In 1793 the members of the regiment were re-designated as marines for service in the French Revolutionary Wars. In that capacity the regiment was sent to garrison Dominica in 1794. After returning to England in 1796, the regiment was sent to Ostend in 1798 to take part in the Anglo-Russian invasion of Holland in August 1799 and saw action at the Battle of Alkmaar in October 1799. It also served under Admiral Hyde Parker at the Battle of Copenhagen in April 1801.

After losing its marine designation, the regiment was deployed to the Canadas in 1802. The regiment served under Major-General Sir Isaac Brock at the Battle of Queenston Heights in October 1812 during the War of 1812. The regiment returned home in 1815 to undertake Royal guarding duties at Weymouth. The regiment's new scarlet coats and white breeches so impressed Princess Charlotte of Wales that she asked to be associated with the regiment. The regiment accordingly became the 49th (Princess Charlotte of Wales's) (or the Hertfordshire) Regiment of Foot in 1816.

Sergeant James FitzGibbon was amongst those soldiers who landed with the regiment in 1802. FitzGibbon became a member of the Family Compact, who essentially owned and operated the Upper Canadian economy and society through business, marriage, or political ties. He was present during the Rebellions of 1837-1838, fighting against political reformers at the Battle of Montgomery's Tavern alongside future first Prime Minister of Canada Sir John A. Macdonald.

===The Victorian era===
The regiment was sent to China in 1840 for service in the First Opium War. It fought at the Capture of Chusan in July 1840, the Battle of Canton in March 1841 and the Battle of Amoy in August 1841 as well as the occupation of Shanghai in summer 1842. It then returned home in 1843. The regiment departed for service in the Crimean War in early 1854 and fought at the Battle of Alma in September 1854, the Battle of Inkerman in November 1854 and the Siege of Sevastopol in winter 1854. It then returned home in 1856.

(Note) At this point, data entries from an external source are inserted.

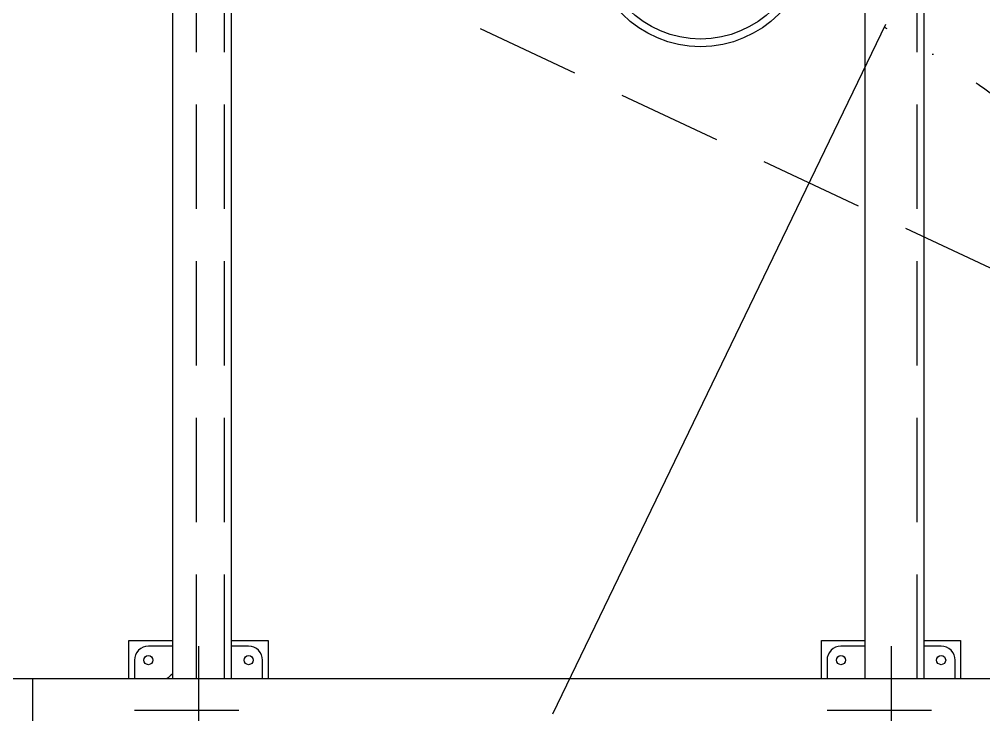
# Model space of a CAD drawing. Extents: x 33214 to 95067, y 8279 to 51908.
# Drawn here: x 42548 to 43934, y 22841 to 23839 of the extents above; entities that cross this region are included whole.
import ezdxf

# ---------------------------------------------------------------- set-up
doc = ezdxf.new("R2010")
doc.units = 0
doc.header["$LTSCALE"] = 300
doc.header["$MEASUREMENT"] = 0
for name, pattern in [('DASHDOT', [1, 0.5, -0.25, 0, -0.25]), ('DASHED', [0.75, 0.5, -0.25]), ('PHANTOM', [2.1, 1.25, -0.2, 0.125, -0.2, 0.125, -0.2]), ('SNT-025', [0.74, 0.4, -0.17, 0, -0.17])]:
    doc.linetypes.add(name, pattern=pattern)
doc.layers.get('0').update_dxf_attribs({"linetype": 'CONTINUOUS'})
for name, color, linetype in [('GENERATORSETT', 1, 'CONTINUOUS'), ('S0CO2', 2, 'CONTINUOUS'), ('S0CO3', 3, 'CONTINUOUS'), ('S0PH1', 1, 'PHANTOM'), ('Tanks', 9, 'CONTINUOUS')]:
    doc.layers.add(name, color=color, linetype=linetype)

# ---------------------------------------------------------------- blocks, each defined once
blk = doc.blocks.new('below 1-deck')
at = {"linetype": 'DASHED'}
for p, q in [((10000, 1875), (14000, 0)), ((10000, -3525), (10000, 1875))]:
    blk.add_line(p, q, dxfattribs=at)
blk = doc.blocks.new('GENERATOR-BORDE')
at = {"layer": 'GENERATORSETT'}
for radius in [158.8, 147.8]:
    blk.add_circle((-1726.9, -480.9), radius, dxfattribs=at)
blk = doc.blocks.new('GENERATOR-CENTER')
at = {"layer": 'GENERATORSETT'}
for p, q in [((-1913.3, 700), (-1434.6, 1690.4)), ((274.4, 750), (-3075.6, 750)), ((-2660.6, 750), (-2660.6, -750))]:
    blk.add_line(p, q, dxfattribs=at)
at = {"layer": 'GENERATORSETT', "linetype": 'DASHDOT'}
blk.add_arc((-1913.3, 750), 1050, 357.2706, 63.0168, dxfattribs=at)
blk = doc.blocks.new('motorfundament')
at = {"layer": 'S0CO3', "linetype": 'Continuous'}
for p, q in [((2465.4, 1821.8), (2465.4, 750)), ((2550.4, 750), (2550.4, 1795.1)), ((3460.4, 1717.2), (3460.4, 750)), ((3545.4, 750), (3545.4, 1709.2)), ((5178, 750), (1828, 750))]:
    blk.add_line(p, q, dxfattribs=at)
at = {"layer": 'S0CO3', "linetype": 'DASHED'}
for p, q in [((2540.4, 750), (2540.4, 1796.1)), ((3535.4, 750), (3535.4, 1706.8))]:
    blk.add_line(p, q, dxfattribs=at)
at = {"layer": 'S0CO3', "linetype": 'Continuous'}
for points in [[(2402.9, 750), (2402.9, 805), (2465.4, 805)], [(2550.4, 805), (2602.9, 805), (2602.9, 750)], [(3397.9, 750), (3397.9, 805), (3460.4, 805)], [(3545.4, 805), (3597.9, 805), (3597.9, 750)]]:
    blk.add_lwpolyline(points, dxfattribs=at)
for points in [[(2465.4, 797), (2430.9, 797, 0.414214), (2410.9, 777), (2410.9, 750)], [(2594.9, 750), (2594.9, 777, 0.414214), (2574.9, 797), (2550.4, 797)], [(3460.4, 797), (3425.9, 797, 0.414214), (3405.9, 777), (3405.9, 750)], [(3589.9, 750), (3589.9, 777, 0.414214), (3569.9, 797), (3545.4, 797)]]:
    blk.add_lwpolyline(points, format="xyb", dxfattribs=at)
for centre in [(2430.9, 777), (2574.9, 777), (3425.9, 777), (3569.9, 777)]:
    blk.add_circle(centre, 6.5, dxfattribs=at)
blk.add_arc((2502.9, 705), 64, 125.8692, 135.3217, dxfattribs=at)
at = {"layer": 'S0PH1', "linetype": 'DASHDOT'}
for p, q in [((2502.9, 797), (2502.9, 613)), ((3497.9, 797), (3497.9, 613)), ((2410.9, 705), (2594.9, 705)), ((3405.9, 705), (3589.9, 705))]:
    blk.add_line(p, q, dxfattribs=at)

msp = doc.modelspace()

# ---------------------------------------------------------------- block references
at = {"layer": 'GENERATORSETT', "linetype": 'SNT-025'}
for name, p in [('GENERATOR-BORDE', (45253.8, 24439.6)), ('GENERATOR-CENTER', (45227.7, 22142))]:
    msp.add_blockref(name, p, dxfattribs=at)
at = {"layer": 'S0CO2', "color": 6}
msp.add_blockref('motorfundament', (40302.6, 22142), dxfattribs=at)
at = {"layer": 'Tanks'}
msp.add_blockref('below 1-deck', (32802.6, 22142), dxfattribs=at)

doc.saveas('drawing.dxf')
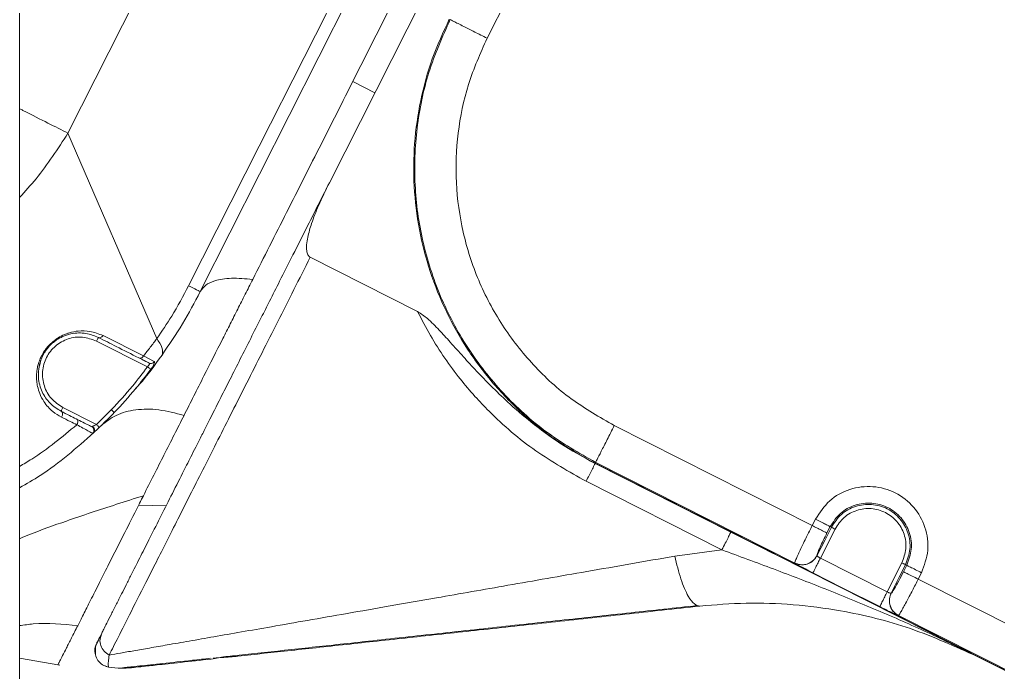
# Model space of a CAD drawing. Header units: millimetres. Extents: x 169 to 14583, y -399 to 10804.
# Drawn here: x 2617.8 to 2736.2, y 2840 to 2919 of the extents above; entities that cross this region are included whole.
import ezdxf

# ---------------------------------------------------------------- set-up
doc = ezdxf.new("R2010")
doc.units = ezdxf.units.MM
doc.header["$LTSCALE"] = 35

msp = doc.modelspace()

# ---------------------------------------------------------------- linework, layer by layer
at = {"color": 7, "linetype": 'Continuous', "lineweight": 18}
for p, q in [((2617.772, 2316.159), (2617.772, 3236.159)), ((2623.623, 2905.247), (2634.095, 2925.968)), ((2639.62, 2886.079), (2659.015, 2924.457)), ((2667.131, 2922.779), (2655.237, 2899.244)), ((2674.306, 2916.729), (2677.831, 2923.703)), ((2660.743, 2910.138), (2658.065, 2911.491)), ((2634.366, 2880.4), (2623.623, 2905.247)), ((2652.927, 2890.24), (2665.915, 2883.676)), ((2632.77, 2878.314), (2627.863, 2880.76)), ((2627.072, 2880.096), (2633.238, 2876.98)), ((2620.35, 2877.806), (2620.167, 2877.059)), ((2634.062, 2877.616), (2632.77, 2878.314)), ((2627.063, 2870.016), (2623.013, 2872.063)), ((2626.603, 2869.67), (2626.497, 2869.742)), ((2713.629, 2857.788), (2689.698, 2869.883)), ((2626.666, 2868.963), (2626.678, 2868.975)), ((2626.699, 2868.996), (2626.786, 2869.083)), ((2687.373, 2865.283), (2703.792, 2856.985)), ((2687.389, 2865.314), (2687.443, 2865.422)), ((2900.873, 2757.422), (2687.389, 2865.314)), ((2711.511, 2853.258), (2687.443, 2865.422)), ((2686.291, 2863.142), (2702.71, 2854.844)), ((2632.175, 2860.263), (2635.483, 2860.158)), ((2713.629, 2857.788), (2714.02, 2858.562)), ((2715.803, 2857.661), (2715.412, 2856.887)), ((2715.949, 2857.587), (2715.803, 2857.661)), ((2703.792, 2856.985), (2709.26, 2854.245)), ((2714.621, 2853.851), (2716.395, 2857.362)), ((2697.008, 2854.09), (2702.71, 2854.844)), ((2708.921, 2854.412), (2708.186, 2854.785)), ((2709.26, 2854.245), (2901.566, 2757.056)), ((2711.519, 2853.248), (2711.511, 2853.258)), ((2722.699, 2849.769), (2714.621, 2853.851)), ((2722.699, 2849.769), (2724.473, 2853.28)), ((2724.674, 2852.206), (2725.065, 2852.98)), ((2725.065, 2852.98), (2724.919, 2853.054)), ((2726.848, 2852.08), (2726.456, 2851.305)), ((2789.491, 2819.448), (2726.456, 2851.305)), ((2724.065, 2846.914), (2724.053, 2846.914)), ((2787.373, 2814.918), (2724.065, 2846.914)), ((2627.705, 2844.768), (2627.6, 2844.384)), ((2626.934, 2843.147), (2626.94, 2842.265)), ((2626.934, 2843.147), (2626.935, 2843.069)), ((2617.772, 2841.752), (2622.643, 2840.893)), ((2628.107, 2840.82), (2628.546, 2840.658)), ((2630.356, 2840.543), (2630.472, 2840.534))]:
    msp.add_line(p, q, dxfattribs=at)
at = {"color": 7, "linetype": 'Continuous', "lineweight": 18, "flags": 128}
for points in [[(2657.613, 2925.165), (2646.752, 2903.674), (2638.218, 2886.788)], [(2714.203, 2854.132), (2715.181, 2856.067), (2715.949, 2857.587)], [(2714.203, 2854.132), (2714.199, 2854.137), (2714.196, 2854.142)], [(2723.172, 2849.599), (2724.15, 2851.534), (2724.919, 2853.054)], [(2721.797, 2847.984), (2717.273, 2850.271), (2713.719, 2852.067)], [(2723.184, 2849.599), (2723.178, 2849.599), (2723.172, 2849.599)]]:
    msp.add_lwpolyline(points, dxfattribs=at)
at = {"color": 7, "linetype": 'Continuous', "lineweight": 18}
for points, knots in [([(2645.97, 2887.559), (2647.328, 2890.247), (2650.045, 2895.622), (2654.263, 2903.957), (2658.518, 2912.372), (2661.337, 2917.961), (2662.747, 2920.756)], [0, 0, 0, 0, 0.2500074, 0.5000071, 0.7500007, 1, 1, 1, 1]), ([(2687.443, 2865.422), (2685.411, 2866.583), (2681.345, 2868.904), (2676.139, 2873.671), (2671.797, 2879.204), (2668.503, 2885.43), (2666.361, 2892.091), (2665.408, 2898.984), (2665.673, 2905.886), (2667.046, 2912.68), (2668.912, 2916.882), (2669.845, 2918.983)], [0, 0, 0, 0, 0.1119977, 0.2239955, 0.3359932, 0.447991, 0.5599887, 0.6699916, 0.7799944, 0.8899972, 1, 1, 1, 1]), ([(2669.845, 2918.983), (2669.943, 2918.934), (2670.14, 2918.835), (2671.335, 2918.23), (2672.788, 2917.496), (2673.8, 2916.985), (2674.306, 2916.729)], [0, 0, 0, 0, 0.2796316, 0.5592632, 0.7796316, 1, 1, 1, 1]), ([(2689.698, 2869.883), (2687.921, 2870.899), (2684.366, 2872.931), (2679.81, 2877.097), (2676.015, 2881.938), (2673.133, 2887.383), (2671.26, 2893.209), (2670.428, 2899.237), (2670.656, 2905.274), (2671.861, 2911.215), (2673.491, 2914.891), (2674.306, 2916.729)], [0, 0, 0, 0, 0.1119974, 0.2239963, 0.3359922, 0.4479925, 0.5599873, 0.6699927, 0.7799935, 0.8899976, 1, 1, 1, 1]), ([(2623.623, 2905.247), (2622.848, 2905.638), (2621.279, 2906.431), (2619.209, 2907.478), (2617.906, 2908.136), (2617.772, 2908.203)], [0, 0, 0, 0, 0.4660738, 0.9449318, 1, 1, 1, 1]), ([(2617.772, 2897.482), (2618.449, 2898.221), (2620.648, 2900.622), (2622.406, 2903.355), (2623.623, 2905.247)], [0, 0, 0, 0, 0.3077951, 1, 1, 1, 1]), ([(2655.237, 2899.244), (2654.845, 2898.469), (2653.96, 2896.717), (2652.485, 2893.798), (2650.866, 2890.596), (2649.336, 2887.568), (2648.066, 2885.056), (2646.898, 2882.744), (2645.717, 2880.408), (2644.459, 2877.917), (2643.256, 2875.537), (2641.957, 2872.968), (2640.857, 2870.792), (2640.021, 2869.137), (2639.518, 2868.141), (2639.04, 2867.196), (2638.511, 2866.149), (2637.984, 2865.106), (2637.165, 2863.485), (2636.061, 2861.302), (2634.696, 2858.599), (2633.435, 2856.106), (2632.283, 2853.825), (2631.381, 2852.042), (2630.661, 2850.617), (2630.065, 2849.436), (2629.455, 2848.231), (2628.853, 2847.04), (2628.344, 2846.031), (2627.966, 2845.285), (2627.783, 2844.923), (2627.705, 2844.768)], [0, 0, 0, 0, 0.02961242, 0.06697631, 0.11270218, 0.15471273, 0.18723152, 0.21408492, 0.24934005, 0.28442371, 0.31983175, 0.35272317, 0.39875953, 0.41969318, 0.43093235, 0.44656718, 0.46558952, 0.48272073, 0.49911317, 0.54885639, 0.59920378, 0.65295001, 0.70185527, 0.75130523, 0.78306696, 0.81492434, 0.85204728, 0.8952712, 0.93919699, 0.97410757, 1, 1, 1, 1]), ([(2655.237, 2899.244), (2654.784, 2898.323), (2653.993, 2896.713), (2653.119, 2894.511), (2652.655, 2892.926), (2652.476, 2891.817), (2652.469, 2891.09), (2652.584, 2890.609), (2652.759, 2890.348), (2652.873, 2890.275), (2652.927, 2890.24)], [0, 0, 0, 0, 0.3181715, 0.5567468, 0.7341115, 0.8295613, 0.9045036, 0.9585747, 0.9801233, 1, 1, 1, 1]), ([(2652.927, 2890.24), (2651.603, 2887.619), (2648.953, 2882.376), (2645.212, 2874.973), (2641.711, 2868.046), (2638.513, 2861.719), (2635.679, 2856.112), (2633.24, 2851.286), (2631.233, 2847.315), (2629.629, 2844.14), (2628.949, 2842.795), (2628.609, 2842.123)], [0, 0, 0, 0, 0.11199895, 0.2239979, 0.33599684, 0.4479958, 0.55999474, 0.66999606, 0.77999737, 0.88999868, 1, 1, 1, 1]), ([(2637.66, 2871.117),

As part of the Cardwell Reforms of the 1870s, where single-battalion regiments were linked together to share a single depot and recruiting district in the United Kingdom, the 49th was linked with the 66th (Berkshire) Regiment of Foot, and assigned to district no. 41 at Brock Barracks in Reading. On 1 July 1881 the Childers Reforms came into effect and the regiment amalgamated with the 66th (Berkshire) Regiment of Foot to form the Princess Charlotte of Wales's (Royal Berkshire Regiment).

==Battle honours==
Battle honours awarded to the regiment were:
- Egmont-op-Zee, Copenhagen, Queenstown, China,
- Crimean War: Alma, Inkerman, Sevastopol
- St. Lucia 1778 (awarded to successor regiment, 1909)

==Victoria Crosses==
Victoria Crosses awarded to men of the regiment were:

- Lieutenant John Augustus Conolly, Crimea War (26 October 1854)
- Corporal James Owens, Crimea War (30 October 1854)
- Sergeant George Walters, Crimea War (5 November 1854)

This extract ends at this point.